The Executive Director of the Cybersecurity and Infrastructure Security Agency (CISA) said today that the threat posed by China within the cyber realm is evolving and much more serious today than it was a decade ago – particularly when it comes to potentially targeting the United States’ critical infrastructure.
According to CISA’s Brandon Wales, the U.S. must work to ensure a degree of cyber resilience against any looming attacks on the nation’s critical infrastructure.
“We need to make sure that we are raising awareness across the country that this is a serious threat that everyone who operates infrastructure that Americans rely upon need to take seriously,” Wales said during a Washington Post Live event today.
It’s all about the mindset, he said. “We’ve got a very diverse infrastructure – we’ve got a lot of potential targets that China could potentially exploit.”
“It is incumbent upon us to realize that we may not stop every attack, we may not be able to fully defend our way out of it,” Wales explained. “What we need to ensure is that we have the degree of resilience in our systems that will allow us to continue to operate even in the face of an aggressive actor.”
The CISA official said that this means the nation must look at resiliency “holistically.” Last week, Wales said he talked to the directors of every state’s emergency management office “about what they need to do to plan and prepare for disruptions so that they’re ready to make sure that their communities can go on.”
“Our infrastructure needs to have operational resilience, functional resilience, that even in the face of degradation, even if their systems are under attack, they can continue to deliver the vital functions,” he said. “The water should continue to flow even if there are a loss of the operational control technology that they utilize.”
Wales admitted that intelligence officials do not expect China to attack U.S. critical infrastructure unless it’s at the beginning of or during a conflict.
One country that the U.S. should look up to when it comes to cyber resiliency, Wales said, is Ukraine.
“They have worked hard … in the eight years between 2014 and 2022, when Russia reinvaded, to build that resilience into their systems,” Wales said. “One, to improve their cybersecurity – a lot of hard work by Ukrainian cyber defenders, supported by the U.S., supported by other Western countries in the private sector.
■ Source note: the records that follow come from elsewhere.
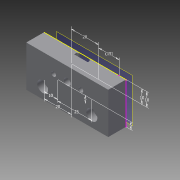
# Autodesk Inventor part: detalKKoretke
Saved by Autodesk Inventor 2015 (Build 190159000, 159)
## iProperties
Created: 2016-04-08
Part Number: detalKKoretke
Material: Generic
Document SubType Name: Modeling
Designer: Andreas
Density: 1 g/cm^3
Appearance: Default
Author: Andreas
Autodesk Inventor part; units mm, degrees
ref_plane "YZ Plane" through (0, 0, 0) normal (1, 0, 0) x (0, 1, 0)
ref_plane "XZ Plane" through (0, 0, 0) normal (0, 1, 0) x (-1, 0, 0)
ref_plane "XY Plane" through (0, 0, 0) normal (0, 0, 1) x (1, 0, 0)
sketch "Sketch1" plane through (0, 0, 0) normal (0, 1, 0) x (-1, 0, 0)
  line L0 (0, 0) -> (60, 0)
  line L1 (60, 0) -> (60, -30)
  line L2 (60, -30) -> (0, -30)
  line L3 (0, -30) -> (0, 0)
  dimension "d0" = 60
  dimension "d1" = 30
  dimension "d2" = 60
  constraints: 8 end point, 2 perpendicular, 1 horizontal
  measures "d0" distance of L0.start L0.end
  measures "d1" distance of L0.end L1.end
  measures "d2" distance of L1.end L2.end
extrude "Extrusion1" add sketch "Sketch1" against normal blind 5 and the other way blind 10
sketch "Sketch2" plane through (0, 10, 0) normal (0, 1, 0) x (1, 0, 0)
  line L0 (-60, 30) -> (-60, 0) projected
  line L1 (0, 0) -> (0, 30) projected
  line L2 (0, 30) -> (-60, 30) projected
  line L3 (-60, 0) -> (0, 0) projected
  line L4 (-5, 0) -> (-5, 30) projected
  point P0 (-40, 10)
  point P1 (-20, 10)
  dimension "d44" = 10
  dimension "d45" = 20
  dimension "d46" = 20
  dimension "d47" = 10
  dimension "d67" = 15
  measures "d44" distance from line of L3 point (-40, 10)
  measures "d45" distance from line of L0 point (-40, 10)
  measures "d46" distance of point (-40, 10) point (-20, 10)
  measures "d47" distance from line of L3 point (-20, 10)
  measures "d67" distance from line of L4 point (-20, 10)
sketch "Sketch3" plane through (0, 10, 0) normal (0, 1, 0) x (1, 0, 0)
  line L0 (0, 30) -> (-60, 30) projected
  line L1 (-60, 0) -> (-60, 30) projected
  point P0 (0, 0)
  point P1 (-50, 25)
  point P2 (-5, 30)
  point P3 (-25, 25)
  dimension "d56" = 5
  dimension "d57" = 10
  dimension "d58" = 25
  dimension "d59" = 5
  measures "d56" distance from line of L0 point (-50, 25)
  measures "d57" distance from line of L1 point (-50, 25)
  measures "d58" distance of point (-50, 25) point (-25, 25)
  measures "d59" distance from line of L0 point (-25, 25)
sketch "Sketch16" plane through (-60, -5, 0) normal (0, 0, 1) x (1, 0, 0)
  line L0 (60, 15) -> (0, 15) projected
  line L1 (24.5, 15) -> (25.5, 15)
  line L2 (25.5, 15) -> (25.5, 14.25)
  line L3 (25.5, 14.25) -> (24.5, 14.25)
  line L4 (24.5, 14.25) -> (24.5, 12)
  line L5 (24.5, 12) -> (35.5, 12)
  line L6 (35.5, 12) -> (35.5, 14.25)
  line L7 (35.5, 14.25) -> (34.5, 14.25)
  line L8 (34.5, 14.25) -> (34.5, 15)
  line L9 (35.5, 15) -> (24.5, 15)
  line L10 (60, 0) -> (0, 0) projected
  line L11 (0, 15) -> (60, 15) projected
  point P0 (60, 5)
  point P1 (30, 15)
  point P2 (30, 0)
  point P3 (30, 15)
  point P4 (30, 0)
  point P5 (30, 15)
  point P6 (30, 0)
  dimension "d90" = 1
  dimension "d91" = 0.75
  dimension "d92" = 2.25
  dimension "d93" = 11
  dimension "d94" = 1
  dimension "d138" = 1
  constraints: 18 end point, 7 point on line, 6 midpoint, 6 perpendicular, 3 vertical alignment, 1 collinear
  measures "d90" distance of L1.start L1.end
  measures "d91" distance of L1.end L2.end
  measures "d92" distance of L3.end L4.end
  measures "d93" distance of L4.end L5.end
  measures "d94" distance of L6.end L7.end
  measures "d138" distance between parallel lines of L4 L2
extrude "Extrusion6" cut sketch "Sketch16" against normal up to next
sketch "Sketch17" plane through (-35.5, 7, 0) normal (0, 1, 0) x (1, 0, 0)
  circle A0 centre (5.5, 10) radius 2.5
  line L0 (0, 30) -> (11, 30) projected
  point P0 (35.5, 0)
  point P1 (5.5, 30)
  dimension "d97" = 5
  constraints: 1 centre point, 1 midpoint, 1 vertical alignment
  measures "d97" diameter of A0
extrude "Extrusion7" cut sketch "Sketch17" against normal up to next
ref_plane "Work Plane2" through (0, 13.5, 0) normal (0, 1, 0) x (1, 0, 0)
sketch "Sketch21" plane through (0, -5, 0) normal (0, -1, 0) x (1, 0, 0)
  circle A0 centre (-12, -22) radius 4
  circle A1 centre (-48, -22) radius 4
  point P0 (0, 0)
  dimension "d125" = 8
  dimension "d131" = 8
  constraints: 2 centre point
  measures "d125" diameter of A0
  measures "d131" diameter of A1
extrude "Extrusion13" cut sketch "Sketch21" against normal blind 10
sketch "Sketch23" plane through (-12, 5, -22) normal (0, -1, 0) x (1, 0, 0)
  circle A0 centre (0, 0) radius 1.5
  circle A1 centre (-36, 0) radius 1.5
  point P0 (12, 22)
  dimension "d134" = 3
  dimension "d135" = 3
  constraints: 2 centre point
  measures "d134" diameter of A0
  measures "d135" diameter of A1
extrude "Extrusion14" cut sketch "Sketch23" against normal up to next
sketch "Sketch24" plane through (0, 10, 0) normal (0, 1, 0) x (1, 0, 0)
  circle A0 centre (-40, 10) radius 1.5
  circle A1 centre (-20, 10) radius 1.5
  point P0 (0, 0)
  dimension "d143" = 3
  dimension "d144" = 3
  constraints: 2 centre point
  measures "d143" diameter of A0
  measures "d144" diameter of A1
extrude "Extrusion15" cut sketch "Sketch24" against normal up to next
sketch "Sketch11" plane through (0, 10, 0) normal (0, 1, 0) x (1, 0, 0)
  point P0 (-20, 10)
  point P1 (-40, 10)
body "Solid1"

They made things harder for Russia to achieve their goals and more importantly, they demonstrated that they worked across their critical infrastructure to ensure that they can continue to operate in the face of both kinetic attacks, missiles, bombs, direct targeting of their critical infrastructure, and cyberattacks.”
“The pace of cyberattacks against Ukraine never let up. Russia has been extremely aggressive in targeting,” he added. “But ultimately, Ukraine worked together to build a really resilient posture for their country. And even in the face of those operations, they’ve been able to maintain their society.”